Hallobogor.com, Bogor – Pengembang Apartemen Bogor Valley bakal diadukan ke Badan Penyelesaian Sengketa Konsumen (BPSK). Pasalnya, salah satu konsumen merasa dirugikan. Pengembang telah memutus pembelian apartemen yang terletak di kawasan Jalan Baru, Kota Bogor, itu secara sepihak.

SI, warga Tanah Sareal, Kota Bogor, pada tahun 2012 membeli satu apartemen dengan cara mencicil. Harga satu unit Apartemen Bogor Valley Rp344 juta. Setelah down payment (DP) Rp60 juta, SI memulai proses selanjutnya pembayaran lancar hingga cicilan ke 23.

Pada cicilan ke 23 tepatnya April 2015, SI mengalami kesulitan ekonomi sehingga tidak bisa memenuhi kewajiban untuk membayar cicilan berikutnya. Saat itu jumlah uang pembayaran yang masuk sudah sekitar Rp140 juta.

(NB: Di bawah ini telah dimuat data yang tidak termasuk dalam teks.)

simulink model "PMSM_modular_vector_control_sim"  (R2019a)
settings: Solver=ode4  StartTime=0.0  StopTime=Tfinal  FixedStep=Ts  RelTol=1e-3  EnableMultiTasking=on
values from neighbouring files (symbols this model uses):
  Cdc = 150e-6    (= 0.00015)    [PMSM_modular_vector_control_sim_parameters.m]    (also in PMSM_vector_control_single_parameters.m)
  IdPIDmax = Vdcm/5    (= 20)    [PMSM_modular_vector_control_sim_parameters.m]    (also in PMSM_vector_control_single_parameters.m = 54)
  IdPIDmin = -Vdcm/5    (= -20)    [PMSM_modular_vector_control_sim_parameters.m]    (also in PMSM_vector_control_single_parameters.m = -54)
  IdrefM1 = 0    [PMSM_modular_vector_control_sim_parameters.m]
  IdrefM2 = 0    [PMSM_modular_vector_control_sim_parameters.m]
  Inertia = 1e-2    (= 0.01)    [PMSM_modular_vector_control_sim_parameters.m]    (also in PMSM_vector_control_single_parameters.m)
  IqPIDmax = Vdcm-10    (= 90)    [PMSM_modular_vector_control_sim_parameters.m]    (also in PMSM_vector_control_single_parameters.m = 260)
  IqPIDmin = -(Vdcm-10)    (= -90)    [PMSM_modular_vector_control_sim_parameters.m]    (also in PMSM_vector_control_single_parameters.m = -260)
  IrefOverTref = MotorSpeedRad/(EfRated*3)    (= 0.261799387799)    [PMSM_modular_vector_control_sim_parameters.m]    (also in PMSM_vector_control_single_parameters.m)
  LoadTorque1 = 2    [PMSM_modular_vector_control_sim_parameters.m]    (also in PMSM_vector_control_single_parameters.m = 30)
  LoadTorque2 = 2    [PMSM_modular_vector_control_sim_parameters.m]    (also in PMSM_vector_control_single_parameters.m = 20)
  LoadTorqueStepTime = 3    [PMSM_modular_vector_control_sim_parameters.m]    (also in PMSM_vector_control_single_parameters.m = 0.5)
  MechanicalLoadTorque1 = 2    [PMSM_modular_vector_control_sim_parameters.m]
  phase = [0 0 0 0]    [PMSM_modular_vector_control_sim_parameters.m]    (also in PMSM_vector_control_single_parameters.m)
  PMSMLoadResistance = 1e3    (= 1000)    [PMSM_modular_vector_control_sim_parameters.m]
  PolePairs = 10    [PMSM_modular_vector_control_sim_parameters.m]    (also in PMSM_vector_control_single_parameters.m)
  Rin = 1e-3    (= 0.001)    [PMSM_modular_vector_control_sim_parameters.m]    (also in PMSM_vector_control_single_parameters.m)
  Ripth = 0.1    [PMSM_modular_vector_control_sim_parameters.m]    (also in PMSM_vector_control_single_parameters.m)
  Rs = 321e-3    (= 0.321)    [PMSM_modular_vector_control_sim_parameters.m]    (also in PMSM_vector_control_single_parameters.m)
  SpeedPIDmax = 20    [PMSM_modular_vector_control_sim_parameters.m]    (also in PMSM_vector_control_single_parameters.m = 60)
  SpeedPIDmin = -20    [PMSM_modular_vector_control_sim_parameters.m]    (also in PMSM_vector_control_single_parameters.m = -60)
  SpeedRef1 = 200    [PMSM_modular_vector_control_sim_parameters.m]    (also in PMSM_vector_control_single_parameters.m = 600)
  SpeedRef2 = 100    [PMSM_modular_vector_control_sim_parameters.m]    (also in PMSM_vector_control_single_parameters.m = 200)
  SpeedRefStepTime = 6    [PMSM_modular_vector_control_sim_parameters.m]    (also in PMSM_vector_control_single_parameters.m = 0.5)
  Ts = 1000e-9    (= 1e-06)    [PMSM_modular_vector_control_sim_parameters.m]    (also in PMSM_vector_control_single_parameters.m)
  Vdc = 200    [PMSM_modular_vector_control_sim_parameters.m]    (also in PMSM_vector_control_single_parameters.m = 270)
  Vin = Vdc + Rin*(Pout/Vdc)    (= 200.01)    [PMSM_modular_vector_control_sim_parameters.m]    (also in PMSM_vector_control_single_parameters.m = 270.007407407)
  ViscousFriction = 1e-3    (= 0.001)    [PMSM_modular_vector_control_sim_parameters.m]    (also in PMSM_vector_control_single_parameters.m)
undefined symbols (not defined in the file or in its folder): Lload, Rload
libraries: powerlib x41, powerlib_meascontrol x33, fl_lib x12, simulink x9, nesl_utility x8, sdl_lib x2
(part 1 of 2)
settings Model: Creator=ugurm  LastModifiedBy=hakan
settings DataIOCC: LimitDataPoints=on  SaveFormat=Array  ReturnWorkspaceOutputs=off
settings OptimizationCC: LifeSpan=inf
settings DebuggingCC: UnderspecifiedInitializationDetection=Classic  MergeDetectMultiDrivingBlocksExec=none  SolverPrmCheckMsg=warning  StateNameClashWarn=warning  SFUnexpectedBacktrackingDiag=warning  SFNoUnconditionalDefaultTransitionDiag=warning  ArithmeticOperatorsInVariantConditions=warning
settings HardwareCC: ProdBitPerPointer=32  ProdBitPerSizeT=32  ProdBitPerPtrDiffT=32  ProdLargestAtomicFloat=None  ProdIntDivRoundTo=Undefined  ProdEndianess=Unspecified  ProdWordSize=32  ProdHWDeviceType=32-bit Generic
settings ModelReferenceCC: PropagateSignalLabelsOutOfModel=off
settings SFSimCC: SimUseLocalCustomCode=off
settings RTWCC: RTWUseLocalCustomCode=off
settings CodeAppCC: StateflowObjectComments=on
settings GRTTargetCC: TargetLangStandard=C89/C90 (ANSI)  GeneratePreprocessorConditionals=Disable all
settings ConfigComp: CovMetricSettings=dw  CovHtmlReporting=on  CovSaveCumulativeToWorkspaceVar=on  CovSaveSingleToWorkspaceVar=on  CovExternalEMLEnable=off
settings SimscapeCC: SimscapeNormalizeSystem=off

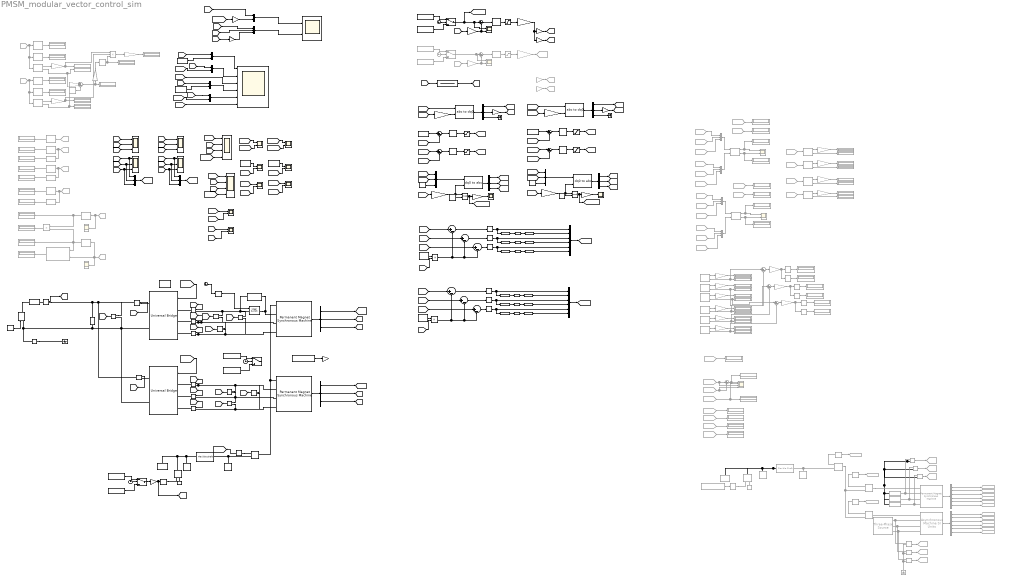
== system PMSM_modular_vector_control_sim ==
  Asynchronous Machine SI Units2 : powerlib/Machines/Asynchronous Machine SI Units  Commented=on  RotorType=Squirrel-cage  PresetModel="16:  10 HP (7.5KW)  400 V 50Hz 1440 RPM"  MechanicalLoad=Mechanical rotational port  ShowDetailedParameters=on  ReferenceFrame=Rotor  Units=SI  MeasurementBus=off  NominalParameters=[7500 400 50]  Stator=[0.7384 0.003045]  Rotor=[0.7402 0.003045]  Cage1=[0.4155 0.002066]  Cage2=[0.4168 0.0003495]  Lm=0.1241  Mechanical=[0.0343 0.000503 2]  PolePairs=2  InitialConditions=[0 0 0 0 0 0 0 0]  SimulateSaturation=off  Saturation=[14.03593122, 27.81365428, 53.79336849, 72.68890987, 97.98006896, 148.6815601, 215.7428561, 302.9841135, 428.7778367 ; 230, 322, 414, 460, 506, 552, 598, 644, 690]  LoadFlowParameters=1492000  TsPowergui=0  TsBlock=-1  IterativeModel=Trapezoidal non iterative  IterativeDiscreteModel=Trapezoidal non iterative  Pmec=1.492e+006
      settings: SourceProductName=Simscape Electrical
  Bus Creator : BusCreator  Inputs=3
  Bus Creator{1..5} (5 alike) : BusCreator  Inputs=2
  Bus Selector : BusSelector  Commented=on  OutputSignals=Mechanical.Rotor speed (wm),Mechanical.Electromagnetic torque Te (N*m),Mechanical.Rotor angle thetam (rad),Stator measurements.Stator current is_a (A),Stator measurements.Stator current is_b (A),Stator measurements.Stator current is_c (A)
  Bus Selector1 : BusSelector  Commented=on  OutputSignals=Rotor speed wm (rad/s),Electromagnetic torque Te (N*m),Rotor angle thetam (rad),Stator current is_a (A),Stator current is_b (A),Stator current is_c (A)
  Bus Selector2 : BusSelector  OutputSignals=Rotor angle thetam (rad),Rotor speed wm (rad/s),Electromagnetic torque Te (N*m)
  Bus Selector3 : BusSelector  OutputSignals=Rotor angle thetam (rad),Rotor speed wm (rad/s),Electromagnetic torque Te (N*m)
  Clock{,1..2,4} (4 alike) : Clock
  Clock3 : Clock  Commented=on
  Compare To Constant : simulink/Logic and Bit Operations/Compare To Constant  relop=<=  const=3.0  OutDataTypeStr=boolean
  Constant1 : Constant  Value=Vin
  Constant10 : Constant  Value=2*pi
  Constant11 : Constant  Value=SpeedRef2
  Constant13 : Constant  Value=LoadTorque2
  Constant16 : Constant  Value=LoadTorque1
  Constant17 : Constant  Commented=on  Value=SpeedRef2
  Constant18 : Constant  Commented=on  Value=SpeedRef1
  Constant19 : Constant  Value=LoadTorque2
  Constant20 : Constant  Value=LoadTorque1
  Constant3 : Constant  Commented=on  Value=-MechanicalLoadTorque1
  Constant4 : Constant  Value=MechanicalLoadTorque1
  Constant5 : Constant  Value=2*pi
  Constant6 : Constant  Value=SpeedRef1
  Constant7 : Constant  Value=0
  Constant8 : Constant  Value=0
  Constant9 : Constant  Commented=on  Value=sqrt(3)
  Current Measurement : powerlib/Measurements/Current Measurement  PhasorSimulation=off  OutputType=Complex  PSBequivalent=0
      settings: SourceProductName=Simscape Electrical
  Current Measurement1 : powerlib/Measurements/Current Measurement  PhasorSimulation=off  OutputType=Complex  PSBequivalent=0
      settings: SourceProductName=Simscape Electrical
  Data Type Conversion{1,3,5,7,9,11} (6 alike) : DataTypeConversion  OutDataTypeStr=boolean
  Data Type Conversion{2,4,6,8,10,12} (6 alike) : DataTypeConversion  OutDataTypeStr=double
  Demux{,1..3} (4 alike) : Demux  Outputs=3
  Display{,1..62} (63 alike) : Display  Commented=on
  Flexible Shaft : sdl_lib/Couplings & Drives/Flexible Shaft  Commented=on  modelTransverse=simscape.enum.onoff.off  parameterization=1  n_segments=10  shaft_stiffness=MechanicalShaftStiffness N*m/rad  shaft_inertia=MechanicalShaftInertia kg*m^2  length=1 m  eiIN=5e5 m^4*Pa  rhoaIN=19 kg/m  shaft_construction=1  diameter_outer=0.075 m  diameter_inner=0.05 m  density=7.8e+3 kg/m^3  shear_modulus=7.93e+10 Pa  elastic_modulus=200e9 Pa  damping_ratio=MechanicalShaftDampingRatio  mu_visc=[ 0 0 ] N*m/(rad/s)  boundaryC=sdl.enum.shaftSupport.clamp  KtransC_row=[10000000, 10000000] N/m  KrotC_row=[10000000, 10000000] N*m/rad  boundaryR=sdl.enum.shaftSupport.clamp  KtransR_row=[10000000, 10000000] N/m  KrotR_row=[10000000, 10000000] N*m/rad  alpha=10 1/s  beta=1e-8 s  d_bearing_trans=[0, 0] N/(m/s)  d_bearing_rotation=[0, 0] N*m/(rad/s)  noDisk=sdl.enum.shaftDisks.none  zDisk=0.5 m  mDiskIN=2 kg  IdDiskIN=0.025 kg*m^2  IpDiskIN=0.050 kg*m^2  offsetMR=[.01, .01] m*kg  offsetMassLocation=[.33, .67] m  offsetMR_initialAngleIN=[0, pi] rad  AnalysisMethod=sdl.enum.bendingAnalysisMethod.LumpedMass  ModeInputMethod=sdl.enum.modeInputMethod.SimscapeDetermined  numModesIn=6  OmegaNom=100 rpm  dw=5 rad/s  dwRefineFactor=1e-4  wMax=50000 rad/s  dz=0.01 m  userMode_w=[162, 162, 649, 649, 1460, 1460, 2596, 2596] rad/s  userMode_z=[0 : 0.1 : 1] m  userMode_shape=[0, 0, 0, 0, 0, 0, 0, 0, 0, 0, 0, 0, 0, 0, 0, 0; .309, 0, 0, .309, .5878, 0, 0, .5878, .809, 0, 0, .809, .9511, 0, 0, .9511; .5878, 0, 0, .5878, .9511, 0, 0, .9511, .9511, 0, 0, .9511, .5878, 0, 0, .5878; .809, 0, 0, .809, .9511, 0, 0, .9511, .309, 0, 0, .309, -.5878, 0, 0, -.5878; .9511, 0, 0, .9511, .5878, 0, 0, .5878, -.5878, 0, 0, -.5878, -.9511, 0, 0, -.9511; 1, 0, 0, 1, 0, 0, 0, 0, -1, 0, 0, -1, 0, 0, 0, 0; .9511, 0, 0, .9511, -.5878, 0, 0, -.5878, -.5878, 0, 0, -.5878, .9511, 0, 0, .9511; .809, 0, 0, .809, -.9511, 0, 0, -.9511, .309, 0, 0, .309, .5878, 0, 0, .5878; .5878, 0, 0, .5878, -.9511, 0, 0, -.9511, .9511, 0, 0, .9511, -.5878, 0, 0, -.5878; .309, 0, 0, .309, -.5878, 0, 0, -.5878, .809, 0, 0, .809, -.9511, 0, 0, -.9511; 0, 0, 0, 0, 0, 0, 0, 0, 0, 0, 0, 0, 0, 0, 0, 0]  initial_deflection=0 rad  initial_velocity=0 rpm
      settings: SourceProductName=Simscape Driveline  SourceProductBaseCode=LD
  Flexible Shaft1 : sdl_lib/Couplings & Drives/Flexible Shaft  modelTransverse=simscape.enum.onoff.off  parameterization=1  n_segments=10  shaft_stiffness=MechanicalShaftStiffness N*m/rad  shaft_inertia=MechanicalShaftInertia kg*m^2  length=1 m  eiIN=5e5 m^4*Pa  rhoaIN=19 kg/m  shaft_construction=1  diameter_outer=0.075 m  diameter_inner=0.05 m  density=7.8e+3 kg/m^3  shear_modulus=7.93e+10 Pa  elastic_modulus=200e9 Pa  damping_ratio=MechanicalShaftDampingRatio  mu_visc=[ 0 0 ] N*m/(rad/s)  boundaryC=sdl.enum.shaftSupport.clamp  KtransC_row=[10000000, 10000000] N/m  KrotC_row=[10000000, 10000000] N*m/rad  boundaryR=sdl.enum.shaftSupport.clamp  KtransR_row=[10000000, 10000000] N/m  KrotR_row=[10000000, 10000000] N*m/rad  alpha=10 1/s  beta=1e-8 s  d_bearing_trans=[0, 0] N/(m/s)  d_bearing_rotation=[0, 0] N*m/(rad/s)  noDisk=sdl.enum.shaftDisks.none  zDisk=0.5 m  mDiskIN=2 kg  IdDiskIN=0.025 kg*m^2  IpDiskIN=0.050 kg*m^2  offsetMR=[.01, .01] m*kg  offsetMassLocation=[.33, .67] m  offsetMR_initialAngleIN=[0, pi] rad  AnalysisMethod=sdl.enum.bendingAnalysisMethod.LumpedMass  ModeInputMethod=sdl.enum.modeInputMethod.SimscapeDetermined  numModesIn=6  OmegaNom=100 rpm  dw=5 rad/s  dwRefineFactor=1e-4  wMax=50000 rad/s  dz=0.01 m  userMode_w=[162, 162, 649, 649, 1460, 1460, 2596, 2596] rad/s  userMode_z=[0 : 0.1 : 1] m  userMode_shape=[0, 0, 0, 0, 0, 0, 0, 0, 0, 0, 0, 0, 0, 0, 0, 0; .309, 0, 0, .309, .5878, 0, 0, .5878, .809, 0, 0, .809, .9511, 0, 0, .9511; .5878, 0, 0, .5878, .9511, 0, 0, .9511, .9511, 0, 0, .9511, .5878, 0, 0, .5878; .809, 0, 0, .809, .9511, 0, 0, .9511, .309, 0, 0, .309, -.5878, 0, 0, -.5878; .9511, 0, 0, .9511, .5878, 0, 0, .5878, -.5878, 0, 0, -.5878, -.9511, 0, 0, -.9511; 1, 0, 0, 1, 0, 0, 0, 0, -1, 0, 0, -1, 0, 0, 0, 0; .9511, 0, 0, .9511, -.5878, 0, 0, -.5878, -.5878, 0, 0, -.5878, .9511, 0, 0, .9511; .809, 0, 0, .809, -.9511, 0, 0, -.9511, .309, 0, 0, .309, .5878, 0, 0, .5878; .5878, 0, 0, .5878, -.9511, 0, 0, -.9511, .9511, 0, 0, .9511, -.5878, 0, 0, -.5878; .309, 0, 0, .309, -.5878, 0, 0, -.5878, .809, 0, 0, .809, -.9511, 0, 0, -.9511; 0, 0, 0, 0, 0, 0, 0, 0, 0, 0, 0, 0, 0, 0, 0, 0]  initial_deflection=0 rad  initial_velocity=0 rpm
      settings: SourceProductName=Simscape Driveline  SourceProductBaseCode=LD
  Fourier1 : powerlib_meascontrol/Measurements/Fourier  Commented=on  Freq=fout  n=1  InInit=[0, 0]  Ts=Ts
      settings: SourceProductName=Simscape Electrical
  Fourier10 : powerlib_meascontrol/Measurements/Fourier  Commented=on  Freq=100  n=1  InInit=[0, 0]  Ts=0
      settings: SourceProductName=Simscape Electrical
  Fourier{3..8,11..12} (8 alike) : powerlib_meascontrol/Measurements/Fourier  Commented=on  Freq=50  n=1  InInit=[0, 0]  Ts=0
      settings: SourceProductName=Simscape Electrical
  Fourier2 : powerlib_meascontrol/Measurements/Fourier  Commented=on  Freq=fout  n=1  InInit=[0, 0]  Ts=Ts
      settings: SourceProductName=Simscape Electrical
  Fourier9 : powerlib_meascontrol/Measurements/Fourier  Commented=on  Freq=100  n=1  InInit=[0, 0]  Ts=0
      settings: SourceProductName=Simscape Electrical
  From : From  Commented=on  GotoTag=Vdc
  From1 : From  Commented=on  GotoTag=Iin
  From12 : From  Commented=on  GotoTag=Isa
  From15 : From  Commented=on  GotoTag=Vab
  From2 : From  Commented=on  GotoTag=Iin
  From3 : From  Commented=on  GotoTag=Idc2
  From30 : From  Commented=on  GotoTag=TorqueM1
  From31 : From  Commented=on  GotoTag=SpeedM1
  From32 : From  Commented=on  GotoTag=TorqueM2
  From33 : From  Commented=on  GotoTag=TorqueM2
  From34 : From  Commented=on  GotoTag=VM2PhA
  From35 : From  Commented=on  GotoTag=TorqueTotal
  From36 : From  Commented=on  GotoTag=TorqueMod1
  From37 : From  Commented=on  GotoTag=TorqueMod2
  From38 : From  Commented=on  GotoTag=TorqueM1
  From39 : From  Commented=on  GotoTag=TorqueM1
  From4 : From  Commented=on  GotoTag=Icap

“Tanpa ada kabar, saya diputus secara sepihak. Ini diketahui saya saat hendak melunasi pembayaran awal tahun 2016 lalu,” ujarnya.

SI menyikapi permasalahan yang merundungnya memilih mengajukan kepada pemasaran apartemen uang pembayaran yang telah masuk kembali. Namun baru-baru ini, ia hanya akan menerima uang pengembalian Rp36 juta.

“Jelas saya shok. Uang itu juga hingga kini belum diambil. Untuk itu, saya mau mengambil langkah mengadukan hal ini ke BPSK,” SI menandas.

Terpisah, Dwi Foba selaku Marketing Bogor Valley membenarkan pengembang telah memutus pembelian apartemen terhadap SI. Kata Dwi, pemutusan itu langsung dari pusat dan secara rinci ia tidak tahu percis apa penyebabnya.

“Saya tidak tahu, apa karena tunggakan atau apa. Semua proses pemutusan kebijakan pusat. Biasanya hak konsumen standarnya 20 persen dari harga. Kalau uang masuk belum ada 20 persen berarti hangus semua,” ujar Dwi. (hrs).